Not Your Average Ride to School


Rapid City, S.D. - A red fire engine with lights flashing and siren wailing isn't your ordinary school bus. For two Canyon Lake Elementary students, however, a fire engine from the Black Hawk Fire Department served as their ride to school this morning. For first-grader Jackson Bloomgren and second-grader Emmalynn Bloomgren, their first day back to school after winter break will be one they remember for a long, long time.

Emmalynn and Jacksons father, Captain Jared Bloomgren, is currently deployed in support of Operation Freedom Sentinel as the Fire Marshal and Commander of the 216th Engineer Detachment out of Rapid City. Looking for a special way to let his children know he was thinking of them, Captain Bloomgren reached out to Interim Fire Chief Rod Seals of the Rapid City Fire Department. "Being away from my family can be trying for everyone", he wrote in an e-mail. Chief Seals was happy to help.

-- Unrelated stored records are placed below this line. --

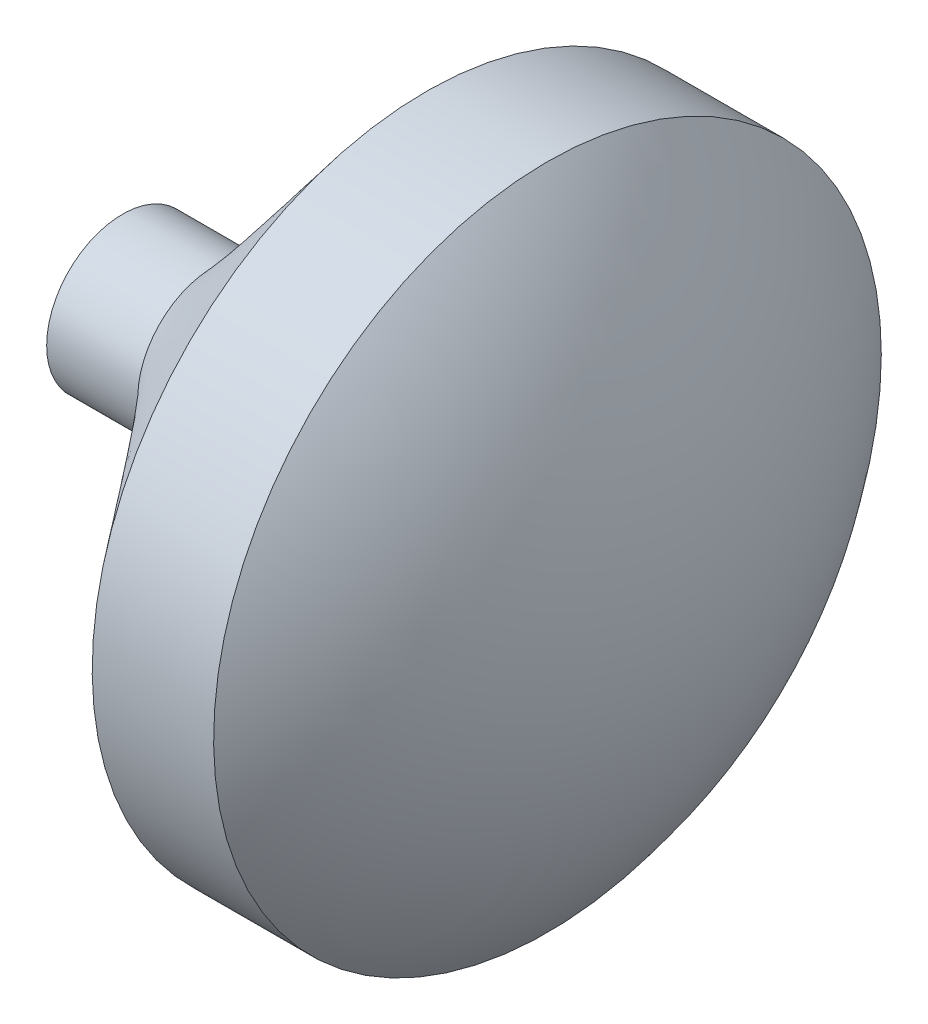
ISO-10303-21;
HEADER;
FILE_DESCRIPTION(('STEP AP214'),'2;1');
FILE_NAME('part.step','',(''),(''),'','','');
FILE_SCHEMA(('AUTOMOTIVE_DESIGN { 1 0 10303 214 1 1 1 1 }'));
ENDSEC;
DATA;
#1=APPLICATION_CONTEXT('core data for automotive mechanical design processes');
#2=APPLICATION_PROTOCOL_DEFINITION('international standard','automotive_design',2000,#1);
#3=PRODUCT_CONTEXT('',#1,'mechanical');
#4=PRODUCT('Part','Part','',(#3));
#5=PRODUCT_RELATED_PRODUCT_CATEGORY('part','',(#4));
#6=PRODUCT_DEFINITION_FORMATION('','',#4);
#7=PRODUCT_DEFINITION_CONTEXT('part definition',#1,'design');
#8=PRODUCT_DEFINITION('design','',#6,#7);
#9=PRODUCT_DEFINITION_SHAPE('','',#8);
#10=(LENGTH_UNIT() NAMED_UNIT(*) SI_UNIT(.MILLI.,.METRE.));
#11=(NAMED_UNIT(*) PLANE_ANGLE_UNIT() SI_UNIT($,.RADIAN.));
#12=(NAMED_UNIT(*) SI_UNIT($,.STERADIAN.) SOLID_ANGLE_UNIT());
#13=UNCERTAINTY_MEASURE_WITH_UNIT(LENGTH_MEASURE(1.E-05),#10,'distance_accuracy_value','');
#14=(GEOMETRIC_REPRESENTATION_CONTEXT(3) GLOBAL_UNCERTAINTY_ASSIGNED_CONTEXT((#13)) GLOBAL_UNIT_ASSIGNED_CONTEXT((#10,
#11,#12)) REPRESENTATION_CONTEXT('',''));
#15=CARTESIAN_POINT('',(0.,0.,0.));
#16=DIRECTION('',(0.,0.,1.));
#17=DIRECTION('',(1.,0.,0.));
#18=AXIS2_PLACEMENT_3D('',#15,#16,#17);
#19=CARTESIAN_POINT('',(10.16,0.,0.));
#20=DIRECTION('',(-1.,0.,0.));
#21=DIRECTION('',(0.,0.,1.));
#22=AXIS2_PLACEMENT_3D('',#19,#20,#21);
#23=CYLINDRICAL_SURFACE('',#22,27.94);
#24=CARTESIAN_POINT('',(10.16,0.,0.));
#25=DIRECTION('',(1.,0.,0.));
#26=DIRECTION('',(0.,0.,-1.));
#27=AXIS2_PLACEMENT_3D('',#24,#25,#26);
#28=CIRCLE('',#27,27.94);
#29=CARTESIAN_POINT('',(10.16,0.,-27.94));
#30=VERTEX_POINT('',#29);
#31=EDGE_CURVE('E11',#30,#30,#28,.T.);
#32=ORIENTED_EDGE('',*,*,#31,.F.);
#33=EDGE_LOOP('',(#32));
#34=FACE_BOUND('',#33,.T.);
#35=CARTESIAN_POINT('',(0.,0.,0.));
#36=DIRECTION('',(1.,0.,0.));
#37=DIRECTION('',(0.,0.,-1.));
#38=AXIS2_PLACEMENT_3D('',#35,#36,#37);
#39=CIRCLE('',#38,27.94);
#40=CARTESIAN_POINT('',(0.,2.13963996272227,27.857952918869));
#41=VERTEX_POINT('',#40);
#42=EDGE_CURVE('E40',#41,#41,#39,.T.);
#43=ORIENTED_EDGE('',*,*,#42,.T.);
#44=EDGE_LOOP('',(#43));
#45=FACE_BOUND('',#44,.T.);
#46=ADVANCED_FACE('F31',(#34,#45),#23,.T.);
#47=CARTESIAN_POINT('',(-23.1775,0.,0.));
#48=DIRECTION('',(0.,0.,1.));
#49=DIRECTION('',(1.,0.,0.));
#50=AXIS2_PLACEMENT_3D('',#47,#48,#49);
#51=SPHERICAL_SURFACE('',#50,43.4975);
#52=CARTESIAN_POINT('',(-23.1775,0.,0.));
#53=DIRECTION('',(1.,0.,0.));
#54=DIRECTION('',(0.,0.,-1.));
#55=AXIS2_PLACEMENT_3D('',#52,#53,#54);
#56=SPHERICAL_SURFACE('',#55,43.4975);
#57=ORIENTED_EDGE('',*,*,#31,.T.);
#58=EDGE_LOOP('',(#57));
#59=FACE_BOUND('',#58,.T.);
#60=ADVANCED_FACE('F33',(#59),#56,.T.);
#61=CARTESIAN_POINT('',(0.,2.13963996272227,27.857952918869));
#62=CARTESIAN_POINT('',(-17.78,-2.14723142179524,5.97594320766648));
#63=CARTESIAN_POINT('',(0.,57.8555458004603,23.5786729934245));
#64=CARTESIAN_POINT('',(-17.78,9.80465499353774,10.270406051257));
#65=CARTESIAN_POINT('',(0.,53.5762658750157,-32.1372328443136));
#66=CARTESIAN_POINT('',(-17.78,14.0991178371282,-1.68148036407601));
#67=CARTESIAN_POINT('',(0.,-2.13963996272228,-27.857952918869));
#68=CARTESIAN_POINT('',(-17.78,2.14723142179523,-5.97594320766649));
#69=CARTESIAN_POINT('',(0.,-57.8555458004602,-23.5786729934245));
#70=CARTESIAN_POINT('',(-17.78,-9.80465499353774,-10.270406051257));
#71=CARTESIAN_POINT('',(0.,-53.5762658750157,32.1372328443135));
#72=CARTESIAN_POINT('',(-17.78,-14.0991178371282,1.68148036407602));
#73=CARTESIAN_POINT('',(0.,2.13963996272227,27.857952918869));
#74=CARTESIAN_POINT('',(-17.78,-2.14723142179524,5.97594320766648));
#75=(BOUNDED_SURFACE() B_SPLINE_SURFACE(3,1,((#61,#62),(#63,#64),(#65,#66),(#67,#68),(#69,#70),
(#71,#72),(#73,#74)),.UNSPECIFIED.,.T.,.F.,.F.) B_SPLINE_SURFACE_WITH_KNOTS((4,3,4),(2,2),(0.,
0.5,1.),(0.,1.),.UNSPECIFIED.) GEOMETRIC_REPRESENTATION_ITEM() RATIONAL_B_SPLINE_SURFACE(((1.,
1.),(0.333333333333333,0.333333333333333),(0.333333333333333,0.333333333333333),(1.,1.),
(0.333333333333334,0.333333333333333),(0.333333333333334,0.333333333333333),(1.,1.))) REPRESENTATION_ITEM('') SURFACE());
#76=CARTESIAN_POINT('',(-17.78,0.,0.));
#77=DIRECTION('',(-1.,0.,0.));
#78=DIRECTION('',(0.,0.,1.));
#79=AXIS2_PLACEMENT_3D('',#76,#77,#78);
#80=CIRCLE('',#79,6.35);
#81=CARTESIAN_POINT('',(-17.78,-2.14723142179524,5.97594320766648));
#82=VERTEX_POINT('',#81);
#83=EDGE_CURVE('E35',#82,#82,#80,.T.);
#84=CARTESIAN_POINT('',(0.,2.13963996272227,27.857952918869));
#85=CARTESIAN_POINT('',(-0.185208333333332,2.09498505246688,27.6300153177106));
#86=CARTESIAN_POINT('',(-0.370416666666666,2.05033014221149,27.4020777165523));
#87=CARTESIAN_POINT('',(-0.740833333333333,1.96102032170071,26.9462025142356));
#88=CARTESIAN_POINT('',(-0.926041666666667,1.91636541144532,26.7182649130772));
#89=CARTESIAN_POINT('',(-1.29645833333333,1.82705559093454,26.2623897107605));
#90=CARTESIAN_POINT('',(-1.48166666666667,1.78240068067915,26.0344521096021));
#91=CARTESIAN_POINT('',(-1.85208333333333,1.69309086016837,25.5785769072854));
#92=CARTESIAN_POINT('',(-2.03729166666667,1.64843594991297,25.3506393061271));
#93=CARTESIAN_POINT('',(-2.40770833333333,1.55912612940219,24.8947641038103));
#94=CARTESIAN_POINT('',(-2.59291666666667,1.5144712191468,24.666826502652));
#95=CARTESIAN_POINT('',(-2.96333333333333,1.42516139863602,24.2109513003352));
#96=CARTESIAN_POINT('',(-3.14854166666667,1.38050648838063,23.9830136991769));
#97=CARTESIAN_POINT('',(-3.51895833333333,1.29119666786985,23.5271384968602));
#98=CARTESIAN_POINT('',(-3.70416666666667,1.24654175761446,23.2992008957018));
#99=CARTESIAN_POINT('',(-4.07458333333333,1.15723193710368,22.8433256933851));
#100=CARTESIAN_POINT('',(-4.25979166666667,1.11257702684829,22.6153880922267));
#101=CARTESIAN_POINT('',(-4.63020833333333,1.0232672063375,22.15951288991));
#102=CARTESIAN_POINT('',(-4.81541666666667,0.978612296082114,21.9315752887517));
#103=CARTESIAN_POINT('',(-5.18583333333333,0.889302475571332,21.4757000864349));
#104=CARTESIAN_POINT('',(-5.37104166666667,0.844647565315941,21.2477624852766));
#105=CARTESIAN_POINT('',(-5.74145833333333,0.755337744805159,20.7918872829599));
#106=CARTESIAN_POINT('',(-5.92666666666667,0.710682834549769,20.5639496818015));
#107=CARTESIAN_POINT('',(-6.29708333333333,0.621373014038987,20.1080744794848));
#108=CARTESIAN_POINT('',(-6.48229166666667,0.576718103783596,19.8801368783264));
#109=CARTESIAN_POINT('',(-6.85270833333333,0.487408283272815,19.4242616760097));
#110=CARTESIAN_POINT('',(-7.03791666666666,0.442753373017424,19.1963240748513));
#111=CARTESIAN_POINT('',(-7.40833333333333,0.353443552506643,18.7404488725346));
#112=CARTESIAN_POINT('',(-7.59354166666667,0.308788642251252,18.5125112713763));
#113=CARTESIAN_POINT('',(-7.96395833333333,0.21947882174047,18.0566360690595));
#114=CARTESIAN_POINT('',(-8.14916666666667,0.174823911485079,17.8286984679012));
#115=CARTESIAN_POINT('',(-8.51958333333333,0.085514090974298,17.3728232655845));
#116=CARTESIAN_POINT('',(-8.70479166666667,0.0408591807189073,17.1448856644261));
#117=CARTESIAN_POINT('',(-9.07520833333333,-0.0484506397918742,16.6890104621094));
#118=CARTESIAN_POINT('',(-9.26041666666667,-0.093105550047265,16.461072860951));
#119=CARTESIAN_POINT('',(-9.63083333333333,-0.182415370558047,16.0051976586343));
#120=CARTESIAN_POINT('',(-9.81604166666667,-0.227070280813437,15.7772600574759));
#121=CARTESIAN_POINT('',(-10.1864583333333,-0.316380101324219,15.3213848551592));
#122=CARTESIAN_POINT('',(-10.3716666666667,-0.36103501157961,15.0934472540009));
#123=CARTESIAN_POINT('',(-10.7420833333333,-0.450344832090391,14.6375720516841));
#124=CARTESIAN_POINT('',(-10.9272916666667,-0.494999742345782,14.4096344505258));
#125=CARTESIAN_POINT('',(-11.2977083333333,-0.584309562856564,13.9537592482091));
#126=CARTESIAN_POINT('',(-11.4829166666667,-0.628964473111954,13.7258216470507));
#127=CARTESIAN_POINT('',(-11.8533333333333,-0.718274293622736,13.269946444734));
#128=CARTESIAN_POINT('',(-12.0385416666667,-0.762929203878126,13.0420088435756));
#129=CARTESIAN_POINT('',(-12.4089583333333,-0.852239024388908,12.5861336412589));
#130=CARTESIAN_POINT('',(-12.5941666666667,-0.896893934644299,12.3581960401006));
#131=CARTESIAN_POINT('',(-12.9645833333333,-0.986203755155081,11.9023208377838));
#132=CARTESIAN_POINT('',(-13.1497916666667,-1.03085866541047,11.6743832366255));
#133=CARTESIAN_POINT('',(-13.5202083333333,-1.12016848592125,11.2185080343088));
#134=CARTESIAN_POINT('',(-13.7054166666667,-1.16482339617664,10.9905704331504));
#135=CARTESIAN_POINT('',(-14.0758333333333,-1.25413321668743,10.5346952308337));
#136=CARTESIAN_POINT('',(-14.2610416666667,-1.29878812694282,10.3067576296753));
#137=CARTESIAN_POINT('',(-14.6314583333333,-1.3880979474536,9.8508824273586));
#138=CARTESIAN_POINT('',(-14.8166666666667,-1.43275285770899,9.62294482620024));
#139=CARTESIAN_POINT('',(-15.1870833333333,-1.52206267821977,9.16706962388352));
#140=CARTESIAN_POINT('',(-15.3722916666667,-1.56671758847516,8.93913202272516));
#141=CARTESIAN_POINT('',(-15.7427083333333,-1.65602740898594,8.48325682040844));
#142=CARTESIAN_POINT('',(-15.9279166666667,-1.70068231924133,8.25531921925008));
#143=CARTESIAN_POINT('',(-16.2983333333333,-1.78999213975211,7.79944401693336));
#144=CARTESIAN_POINT('',(-16.4835416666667,-1.83464705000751,7.571506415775));
#145=CARTESIAN_POINT('',(-16.8539583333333,-1.92395687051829,7.11563121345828));
#146=CARTESIAN_POINT('',(-17.0391666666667,-1.96861178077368,6.88769361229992));
#147=CARTESIAN_POINT('',(-17.4095833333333,-2.05792160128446,6.4318184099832));
#148=CARTESIAN_POINT('',(-17.5947916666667,-2.10257651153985,6.20388080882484));
#149=CARTESIAN_POINT('',(-17.78,-2.14723142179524,5.97594320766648));
#150=B_SPLINE_CURVE_WITH_KNOTS('',3,(#84,#85,#86,#87,#88,#89,#90,#91,#92,#93,#94,#95,#96,#97,
#98,#99,#100,#101,#102,#103,#104,#105,#106,#107,#108,#109,#110,#111,#112,#113,#114,#115,#116,
#117,#118,#119,#120,#121,#122,#123,#124,#125,#126,#127,#128,#129,#130,#131,#132,#133,#134,#135,
#136,#137,#138,#139,#140,#141,#142,#143,#144,#145,#146,#147,#148,#149),.UNSPECIFIED.,.F.,.F.,(4,
2,2,2,2,2,2,2,2,2,2,2,2,2,2,2,2,2,2,2,2,2,2,2,2,2,2,2,2,2,2,2,4),(0.,0.891215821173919,
1.78243164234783,2.67364746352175,3.56486328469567,4.45607910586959,5.3472949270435,
6.23851074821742,7.12972656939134,8.02094239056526,8.91215821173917,9.80337403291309,
10.694589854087,11.5858056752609,12.4770214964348,13.3682373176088,14.2594531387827,
15.1506689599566,16.0418847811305,16.9331006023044,17.8243164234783,18.7155322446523,
19.6067480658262,20.4979638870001,21.389179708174,22.2803955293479,23.1716113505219,
24.0628271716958,24.9540429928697,25.8452588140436,26.7364746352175,27.6276904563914,
28.5189062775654),.UNSPECIFIED.);
#151=EDGE_CURVE('BSEAM65',#41,#82,#150,.T.);
#152=ORIENTED_EDGE('',*,*,#42,.F.);
#153=ORIENTED_EDGE('',*,*,#83,.F.);
#154=ORIENTED_EDGE('',*,*,#151,.T.);
#155=ORIENTED_EDGE('',*,*,#151,.F.);
#156=EDGE_LOOP('',(#152,#154,#153,#155));
#157=FACE_BOUND('',#156,.T.);
#158=ADVANCED_FACE('F65',(#157),#75,.T.);
#159=CARTESIAN_POINT('',(-25.4,0.,0.));
#160=DIRECTION('',(1.,0.,0.));
#161=DIRECTION('',(0.,0.,-1.));
#162=AXIS2_PLACEMENT_3D('',#159,#160,#161);
#163=CYLINDRICAL_SURFACE('',#162,6.35);
#164=CARTESIAN_POINT('',(-25.4,0.,0.));
#165=DIRECTION('',(-1.,0.,0.));
#166=DIRECTION('',(0.,0.,1.));
#167=AXIS2_PLACEMENT_3D('',#164,#165,#166);
#168=CIRCLE('',#167,6.35);
#169=CARTESIAN_POINT('',(-25.4,0.,6.35));
#170=VERTEX_POINT('',#169);
#171=EDGE_CURVE('E88',#170,#170,#168,.T.);
#172=ORIENTED_EDGE('',*,*,#171,.F.);
#173=EDGE_LOOP('',(#172));
#174=FACE_BOUND('',#173,.T.);
#175=ORIENTED_EDGE('',*,*,#83,.T.);
#176=EDGE_LOOP('',(#175));
#177=FACE_BOUND('',#176,.T.);
#178=ADVANCED_FACE('F54',(#174,#177),#163,.T.);
#179=CARTESIAN_POINT('',(-25.4,0.,0.));
#180=DIRECTION('',(-1.,0.,0.));
#181=DIRECTION('',(0.,0.,1.));
#182=AXIS2_PLACEMENT_3D('',#179,#180,#181);
#183=PLANE('',#182);
#184=ORIENTED_EDGE('',*,*,#171,.T.);
#185=EDGE_LOOP('',(#184));
#186=FACE_BOUND('',#185,.T.);
#187=ADVANCED_FACE('F64',(#186),#183,.T.);
#188=CLOSED_SHELL('',(#46,#60,#158,#178,#187));
#189=MANIFOLD_SOLID_BREP('B2',#188);
#190=ADVANCED_BREP_SHAPE_REPRESENTATION('',(#18,#189),#14);
#191=SHAPE_DEFINITION_REPRESENTATION(#9,#190);
ENDSEC;
END-ISO-10303-21;
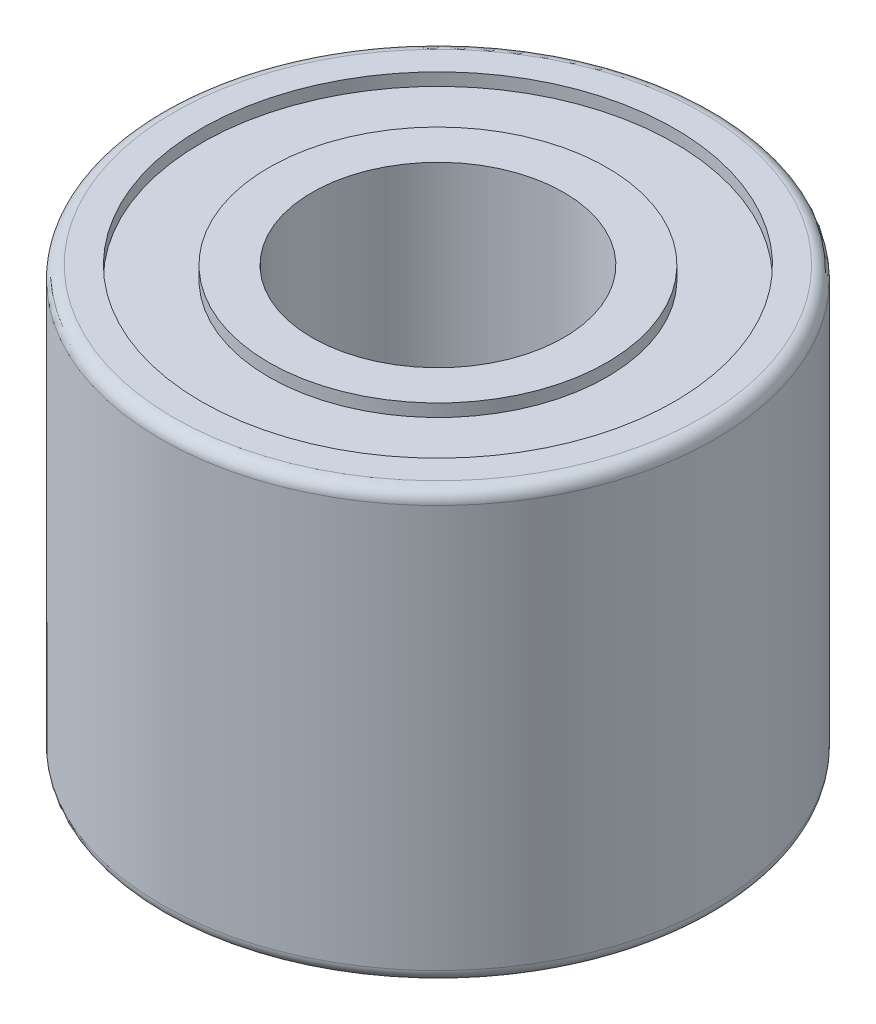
from build123d import *

# Parameters (mm, degrees)
SKETCH1_R           = 6.715
SKETCH1_R_2         = 5
BOSS_EXTRUDE1_DEPTH = 17
SKETCH4_R           = 9.4
BOSS_EXTRUDE2_DEPTH = 8
SKETCH7_R           = 11
SKETCH7_R_2         = 9.4
BOSS_EXTRUDE3_DEPTH = 17
SKETCH8_R           = 5
CUT_EXTRUDE1_DEPTH  = 17
FILLET1_R           = 0.5


with BuildPart() as part:
    # Sketch1 → Boss-Extrude1 (new body)
    with BuildSketch(Plane(origin=(0, 0, 0), x_dir=(1, 0, 0), z_dir=(0, 1, 0))):
        with Locations(Location((0, 0, 0), (0, 0, 270))):
            Circle(SKETCH1_R)
        with Locations(Location((0, 0, 0), (0, 0, 270))):
            Circle(SKETCH1_R_2, mode=Mode.SUBTRACT)
    extrude(amount=BOSS_EXTRUDE1_DEPTH)

    # Sketch4 → Boss-Extrude2 (add, symmetric)
    with BuildSketch(Plane(origin=(0, 8.5, 0), x_dir=(1, 0, 0), z_dir=(0, 1, 0))):
        with Locations(Location((0, 0, 0), (0, 0, 270))):
            Circle(SKETCH4_R)
    extrude(amount=BOSS_EXTRUDE2_DEPTH, both=True)

    # Sketch7 → Boss-Extrude3 (add)
    with BuildSketch(Plane(origin=(0, 17, 0), x_dir=(1, 0, 0), z_dir=(0, 1, 0))):
        with Locations(Location((0, 0, 0), (0, 0, 270))):
            Circle(SKETCH7_R)
        with Locations(Location((0, 0, 0), (0, 0, 270))):
            Circle(SKETCH7_R_2, mode=Mode.SUBTRACT)
    extrude(amount=-BOSS_EXTRUDE3_DEPTH)

    # Sketch8 → Cut-Extrude1 (cut)
    with BuildSketch(Plane.XZ.offset(-0.5)):
        with Locations(Location((0, 0, 0), (0, 0, 90))):
            Circle(SKETCH8_R)
    extrude(amount=-CUT_EXTRUDE1_DEPTH, mode=Mode.SUBTRACT)

    # Fillet1
    fillet1_edges = [part.edges().sort_by_distance(p)[0] for p in [
        (0, 0, -11),
        (0, 17, -11),
    ]]
    fillet(fillet1_edges, radius=FILLET1_R)


solid = part.part

Working with Black Hawk Fire Chief Kurt Klunder, a plan was hatched to have a fire engine from Black Hawk arrive at the Bloomgren home and pick up Jackson and Emmalynn. They would then head toward Canyon Lake Elementary where they would meet up with Engine 5 from the Rapid City Fire Department and be escorted to school. The students and two firefighters made their way to school on board the fire engine as Captain Bloomgren was able to join them via the Apple FaceTime feature on their iPad.

The fire engines arrived at Canyon Lake Elementary at about 7:45 am this morning. After a brief pause for photos, Jackson and Emmalynn walked to class, flanked by six firefighters from both Black Hawk and Rapid City Fire Departments.
Above: Emmalynn and Jackson Bloomgren arrive at Canyon Lake Elementary School on board a fire engine from the Black Hawk Fire Department.

Above: Jackson, Emmalynn, and Sondra Bloomgren share a moment with Capt. Jared Bloomgren on Face Time.
Captain Bloomgren is currently deployed in support of Operation Freedom Sentinel.

Above: From Left to Rt- Firefighter Drake Anderson and Capt. Drew Klunder from the Black Hawk Fire Department, Emmalynn and Jackson Bloomgren, Firefighter/Paramedic Sarah Allender, Capt. Rob Eddy, and Firefighter/Paramedic Brett Morton from the Rapid City Fire Department all pause for a photo before heading into Canyon Lake Elementary. Captain Jared Bloomgren also made it into the photo courtesy of Face Time on Emmalynn's iPad.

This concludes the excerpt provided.